2. Active UAV Re-Scan Planning for Dynamic Object Artifact-Free Point Cloud Mapping

Active UAV Re-Scan Planning for Dynamic Object Artifact-Free Point Cloud Mapping

Robotics
ACQUAL
Staff Involved
Bashar Alsadik
Topic description
Unmanned Aerial Vehicles (UAVs) are increasingly employed for 3D mapping in domains such as construction, forestry, infrastructure inspection, and disaster response. A major challenge lies in the presence of dynamic object artifacts in UAV point clouds, which are caused by moving objects (e.g., vehicles, people), vegetation swaying in the wind, or water surfaces. These artifacts compromise the reliability of Digital Elevation Models (DEMs), Digital Surface Models (DSMs), and 3D reconstructions. UAVs possess the flexibility to revisit locations during the same mission. This capability enables the development of an active re-scan strategy, which involves detecting artifact-prone areas in real time or immediately after an initial flight, and autonomously planning targeted re-flights to refine the data. This research integrates robotics principles (e.g., occupancy grids, ray tracing, Next-Best-View planning, and coverage optimization) with deep learning techniques for predicting artifact likelihood and uncertainty from point cloud patches or image features. The anticipated outcome is a system capable of generating clean, static 3D maps with minimal additional flight time.

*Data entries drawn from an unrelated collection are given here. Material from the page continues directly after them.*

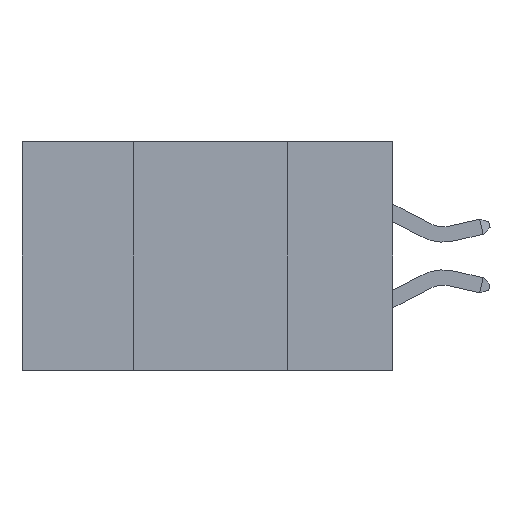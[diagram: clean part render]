
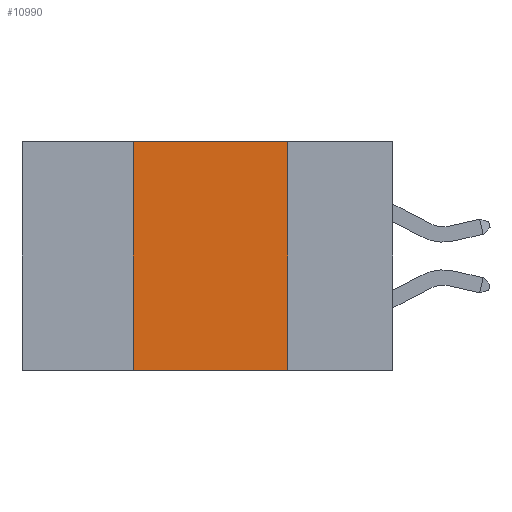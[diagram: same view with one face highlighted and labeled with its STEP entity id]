
A CAD part, left-side view. The second image highlights one B-rep face of the part: STEP entity #10990.
In plain terms, the highlighted planar face has unit normal (-1, 0, 0).
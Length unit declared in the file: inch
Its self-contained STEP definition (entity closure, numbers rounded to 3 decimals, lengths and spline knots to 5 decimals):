
#203 = CARTESIAN_POINT ( 'NONE',  ( 0., 0.17, 0. ) ) ;
#1215 = EDGE_CURVE ( 'NONE', #13711, #1265, #5261, .T. ) ;
#1265 = VERTEX_POINT ( 'NONE', #203 ) ;
#1697 = CARTESIAN_POINT ( 'NONE',  ( 0., 0.6, 0. ) ) ;
#1759 = VECTOR ( 'NONE', #15544, 39.37008 ) ;
#1935 = EDGE_CURVE ( 'NONE', #15749, #13120, #14973, .T. ) ;
#2468 = CARTESIAN_POINT ( 'NONE',  ( 0., 0.17, 0. ) ) ;
#2548 = CARTESIAN_POINT ( 'NONE',  ( 0., 0.6, -0.37 ) ) ;
#3138 = DIRECTION ( 'NONE',  ( 1., 0., 0. ) ) ;
#3873 = DIRECTION ( 'NONE',  ( 0., 0., -1. ) ) ;
#4682 = CARTESIAN_POINT ( 'NONE',  ( 0., 0.42, 0. ) ) ;
#5261 = LINE ( 'NONE', #16892, #13808 ) ;
#5322 = CARTESIAN_POINT ( 'NONE',  ( 0., 0.42, 0. ) ) ;
#5934 = LINE ( 'NONE', #5322, #1759 ) ;
#6171 = FACE_OUTER_BOUND ( 'NONE', #10884, .T. ) ;
#6976 = EDGE_CURVE ( 'NONE', #1265, #13120, #14446, .T. ) ;
#7239 = PLANE ( 'NONE',  #12774 ) ;
#8627 = DIRECTION ( 'NONE',  ( 0., -1., 0. ) ) ;
#10445 = ORIENTED_EDGE ( 'NONE', *, *, #6976, .F. ) ;
#10654 = ORIENTED_EDGE ( 'NONE', *, *, #1215, .F. ) ;
#10739 = ORIENTED_EDGE ( 'NONE', *, *, #11622, .F. ) ;
#10884 = EDGE_LOOP ( 'NONE', ( #10445, #10654, #10739, #10902 ) ) ;
#10902 = ORIENTED_EDGE ( 'NONE', *, *, #1935, .T. ) ;
#10990 = ADVANCED_FACE ( 'NONE', ( #6171 ), #7239, .F. ) ;
#11163 = VECTOR ( 'NONE', #3873, 39.37008 ) ;
#11287 = CARTESIAN_POINT ( 'NONE',  ( 0., 0.17, -0.37 ) ) ;
#11587 = DIRECTION ( 'NONE',  ( 0., -1., 0. ) ) ;
#11622 = EDGE_CURVE ( 'NONE', #15749, #13711, #5934, .T. ) ;
#12400 = DIRECTION ( 'NONE',  ( 0., 0., -1. ) ) ;
#12774 = AXIS2_PLACEMENT_3D ( 'NONE', #1697, #3138, #12400 ) ;
#13120 = VERTEX_POINT ( 'NONE', #11287 ) ;
#13711 = VERTEX_POINT ( 'NONE', #4682 ) ;
#13808 = VECTOR ( 'NONE', #11587, 39.37008 ) ;
#14446 = LINE ( 'NONE', #2468, #11163 ) ;
#14584 = VECTOR ( 'NONE', #8627, 39.37008 ) ;
#14973 = LINE ( 'NONE', #2548, #14584 ) ;
#15544 = DIRECTION ( 'NONE',  ( 0., 0., 1. ) ) ;
#15749 = VERTEX_POINT ( 'NONE', #16347 ) ;
#16347 = CARTESIAN_POINT ( 'NONE',  ( 0., 0.42, -0.37 ) ) ;
#16892 = CARTESIAN_POINT ( 'NONE',  ( 0., 0.6, 0. ) ) ;
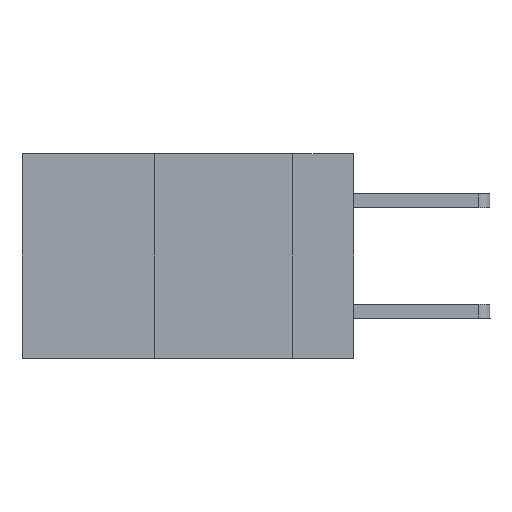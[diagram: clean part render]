
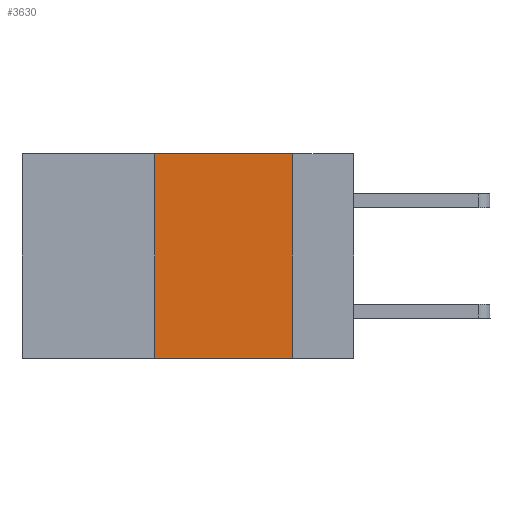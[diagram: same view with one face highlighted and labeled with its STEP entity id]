
A CAD part, left-side view. The second image highlights one B-rep face of the part: STEP entity #3630.
In plain terms, the highlighted planar face has unit normal (-1, 0, 0).
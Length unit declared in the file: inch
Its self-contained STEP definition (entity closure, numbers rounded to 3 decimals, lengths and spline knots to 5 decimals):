
#86 = LINE ( 'NONE', #2837, #3830 ) ;
#119 = CARTESIAN_POINT ( 'NONE',  ( 0., 0.6, -0.37 ) ) ;
#217 = ORIENTED_EDGE ( 'NONE', *, *, #6832, .F. ) ;
#245 = CARTESIAN_POINT ( 'NONE',  ( 0., 0.11, 0. ) ) ;
#458 = LINE ( 'NONE', #8011, #7851 ) ;
#687 = VECTOR ( 'NONE', #7626, 39.37008 ) ;
#818 = DIRECTION ( 'NONE',  ( 0., 0., -1. ) ) ;
#908 = CARTESIAN_POINT ( 'NONE',  ( 0., 0.11, 0. ) ) ;
#1034 = EDGE_CURVE ( 'NONE', #8146, #4424, #86, .T. ) ;
#1368 = VERTEX_POINT ( 'NONE', #3017 ) ;
#2465 = VECTOR ( 'NONE', #818, 39.37008 ) ;
#2803 = DIRECTION ( 'NONE',  ( 0., 0., 1. ) ) ;
#2837 = CARTESIAN_POINT ( 'NONE',  ( 0., 0.36, 0. ) ) ;
#2993 = EDGE_CURVE ( 'NONE', #8146, #1368, #4671, .T. ) ;
#3017 = CARTESIAN_POINT ( 'NONE',  ( 0., 0.11, -0.37 ) ) ;
#3630 = ADVANCED_FACE ( 'NONE', ( #7650 ), #6112, .F. ) ;
#3830 = VECTOR ( 'NONE', #2803, 39.37008 ) ;
#3984 = ORIENTED_EDGE ( 'NONE', *, *, #2993, .T. ) ;
#4098 = DIRECTION ( 'NONE',  ( 0., 0., -1. ) ) ;
#4424 = VERTEX_POINT ( 'NONE', #4436 ) ;
#4436 = CARTESIAN_POINT ( 'NONE',  ( 0., 0.36, 0. ) ) ;
#4525 = DIRECTION ( 'NONE',  ( 0., -1., 0. ) ) ;
#4671 = LINE ( 'NONE', #119, #687 ) ;
#4849 = LINE ( 'NONE', #908, #2465 ) ;
#5390 = ORIENTED_EDGE ( 'NONE', *, *, #8598, .F. ) ;
#5793 = CARTESIAN_POINT ( 'NONE',  ( 0., 0.36, -0.37 ) ) ;
#6112 = PLANE ( 'NONE',  #7257 ) ;
#6253 = EDGE_LOOP ( 'NONE', ( #5390, #217, #7016, #3984 ) ) ;
#6832 = EDGE_CURVE ( 'NONE', #4424, #7464, #458, .T. ) ;
#6876 = DIRECTION ( 'NONE',  ( 1., 0., 0. ) ) ;
#7016 = ORIENTED_EDGE ( 'NONE', *, *, #1034, .F. ) ;
#7257 = AXIS2_PLACEMENT_3D ( 'NONE', #8929, #6876, #4098 ) ;
#7464 = VERTEX_POINT ( 'NONE', #245 ) ;
#7626 = DIRECTION ( 'NONE',  ( 0., -1., 0. ) ) ;
#7650 = FACE_OUTER_BOUND ( 'NONE', #6253, .T. ) ;
#7851 = VECTOR ( 'NONE', #4525, 39.37008 ) ;
#8011 = CARTESIAN_POINT ( 'NONE',  ( 0., 0.6, 0. ) ) ;
#8146 = VERTEX_POINT ( 'NONE', #5793 ) ;
#8598 = EDGE_CURVE ( 'NONE', #7464, #1368, #4849, .T. ) ;
#8929 = CARTESIAN_POINT ( 'NONE',  ( 0., 0.6, 0. ) ) ;
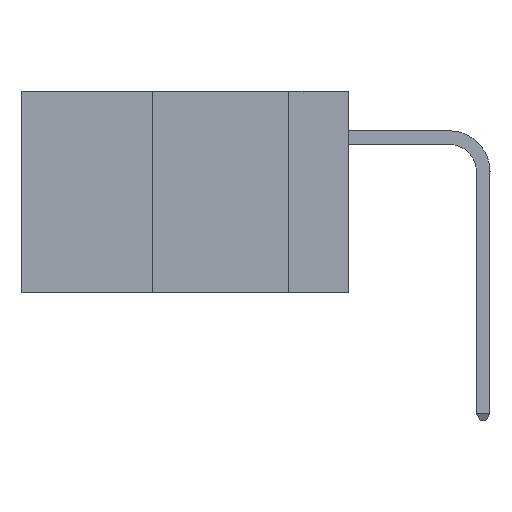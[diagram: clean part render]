
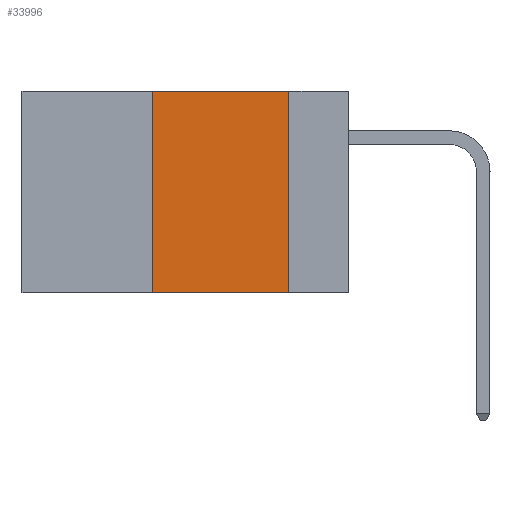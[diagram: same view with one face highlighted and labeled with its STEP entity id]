
A CAD part, left-side view. The second image highlights one B-rep face of the part: STEP entity #33996.
In plain terms, the highlighted planar face has unit normal (-1, 0, 0).
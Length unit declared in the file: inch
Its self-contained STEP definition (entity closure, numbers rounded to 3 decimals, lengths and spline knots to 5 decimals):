
#220 = ORIENTED_EDGE ( 'NONE', *, *, #11791, .T. ) ;
#888 = DIRECTION ( 'NONE',  ( 0., 0., -1. ) ) ;
#1045 = LINE ( 'NONE', #1486, #15055 ) ;
#1486 = CARTESIAN_POINT ( 'NONE',  ( 0., 0.36, 0. ) ) ;
#1710 = EDGE_LOOP ( 'NONE', ( #33474, #12448, #30798, #220 ) ) ;
#4022 = VERTEX_POINT ( 'NONE', #27280 ) ;
#4314 = DIRECTION ( 'NONE',  ( 0., 0., 1. ) ) ;
#5332 = DIRECTION ( 'NONE',  ( 0., -1., 0. ) ) ;
#9751 = PLANE ( 'NONE',  #33693 ) ;
#10134 = DIRECTION ( 'NONE',  ( 0., -1., 0. ) ) ;
#10326 = LINE ( 'NONE', #14818, #15969 ) ;
#10697 = VECTOR ( 'NONE', #10134, 39.37008 ) ;
#11528 = CARTESIAN_POINT ( 'NONE',  ( 0., 0.11, -0.37 ) ) ;
#11791 = EDGE_CURVE ( 'NONE', #4022, #20505, #25471, .T. ) ;
#12448 = ORIENTED_EDGE ( 'NONE', *, *, #24411, .F. ) ;
#14818 = CARTESIAN_POINT ( 'NONE',  ( 0., 0.11, 0. ) ) ;
#15055 = VECTOR ( 'NONE', #4314, 39.37008 ) ;
#15341 = CARTESIAN_POINT ( 'NONE',  ( 0., 0.6, 0. ) ) ;
#15616 = CARTESIAN_POINT ( 'NONE',  ( 0., 0.6, -0.37 ) ) ;
#15969 = VECTOR ( 'NONE', #888, 39.37008 ) ;
#17241 = VERTEX_POINT ( 'NONE', #35051 ) ;
#17423 = FACE_OUTER_BOUND ( 'NONE', #1710, .T. ) ;
#18141 = DIRECTION ( 'NONE',  ( 0., 0., -1. ) ) ;
#19252 = EDGE_CURVE ( 'NONE', #4022, #17241, #1045, .T. ) ;
#19783 = CARTESIAN_POINT ( 'NONE',  ( 0., 0.11, 0. ) ) ;
#20094 = LINE ( 'NONE', #22039, #34898 ) ;
#20505 = VERTEX_POINT ( 'NONE', #11528 ) ;
#22039 = CARTESIAN_POINT ( 'NONE',  ( 0., 0.6, 0. ) ) ;
#24411 = EDGE_CURVE ( 'NONE', #17241, #27195, #20094, .T. ) ;
#25471 = LINE ( 'NONE', #15616, #10697 ) ;
#27195 = VERTEX_POINT ( 'NONE', #19783 ) ;
#27280 = CARTESIAN_POINT ( 'NONE',  ( 0., 0.36, -0.37 ) ) ;
#28576 = EDGE_CURVE ( 'NONE', #27195, #20505, #10326, .T. ) ;
#30798 = ORIENTED_EDGE ( 'NONE', *, *, #19252, .F. ) ;
#33474 = ORIENTED_EDGE ( 'NONE', *, *, #28576, .F. ) ;
#33693 = AXIS2_PLACEMENT_3D ( 'NONE', #15341, #34816, #18141 ) ;
#33996 = ADVANCED_FACE ( 'NONE', ( #17423 ), #9751, .F. ) ;
#34816 = DIRECTION ( 'NONE',  ( 1., 0., 0. ) ) ;
#34898 = VECTOR ( 'NONE', #5332, 39.37008 ) ;
#35051 = CARTESIAN_POINT ( 'NONE',  ( 0., 0.36, 0. ) ) ;

Topic objectives and methodology
The research aims to design and evaluate an uncertainty-aware UAV mapping pipeline that: 1. Detects and quantifies dynamic object artifacts in UAV point clouds. 2. Estimates where re-scans are most beneficial. 3. Plans and executes UAV re-flights (active mapping) to minimize ghost points while respecting flight-time and battery constraints. 4. Demonstrates improved map quality and efficiency compared to full re-flights. The study will begin with UAV data collection over environments containing dynamic elements such as vehicles, pedestrians, or vegetation. Point clouds will be generated from either UAV LiDAR or photogrammetry. Dynamic object artifacts will first be detected using robotics principles including occupancy grids, ray tracing, and temporal consistency checks. To enhance detection, a lightweight deep learning model will be trained to predict the likelihood and uncertainty of artifacts from local point cloud patches, optionally supported by image features. Based on the uncertainty maps, an active re-scan strategy will be designed, where Next-Best-View or coverage optimization techniques identify the most beneficial re-flight locations under battery and time constraints. The UAV will then execute these targeted re-flights to replace unreliable data with new static observations. Finally, the improved point clouds and derived DEMs/DSMs will be evaluated against baselines such as single-pass mapping, full re-flights, and inpainting-based post-processing.
References for further reading
• A Dynamic Object Removal and Reconstruction Algorithm for Point Clouds, DOI 10.1109/SOLI60636.2023.10425733 • Fu, H.; Xue, H.; Xie, G. MapCleaner: Efficiently Removing Moving Objects from Point Cloud Maps in Autonomous Driving Scenarios. Remote Sens. 2022, 14, 4496. https://doi.org/10.3390/rs14184496 • Peng, H.; Zhao, Z.; Wang, L. A Review of Dynamic Object Filtering in SLAM Based on 3D LiDAR. Sensors 2024, 24, 645. https://doi.org/10.3390/s24020645 • A. Bircher, M. Kamel, K. Alexis, H. Oleynikova and R. Siegwart, "Receding Horizon "Next-Best-View" Planner for 3D Exploration," 2016 IEEE International Conference on Robotics and Automation (ICRA), Stockholm, Sweden, 2016, pp. 1462-1468, doi: 10.1109/ICRA.2016.7487281.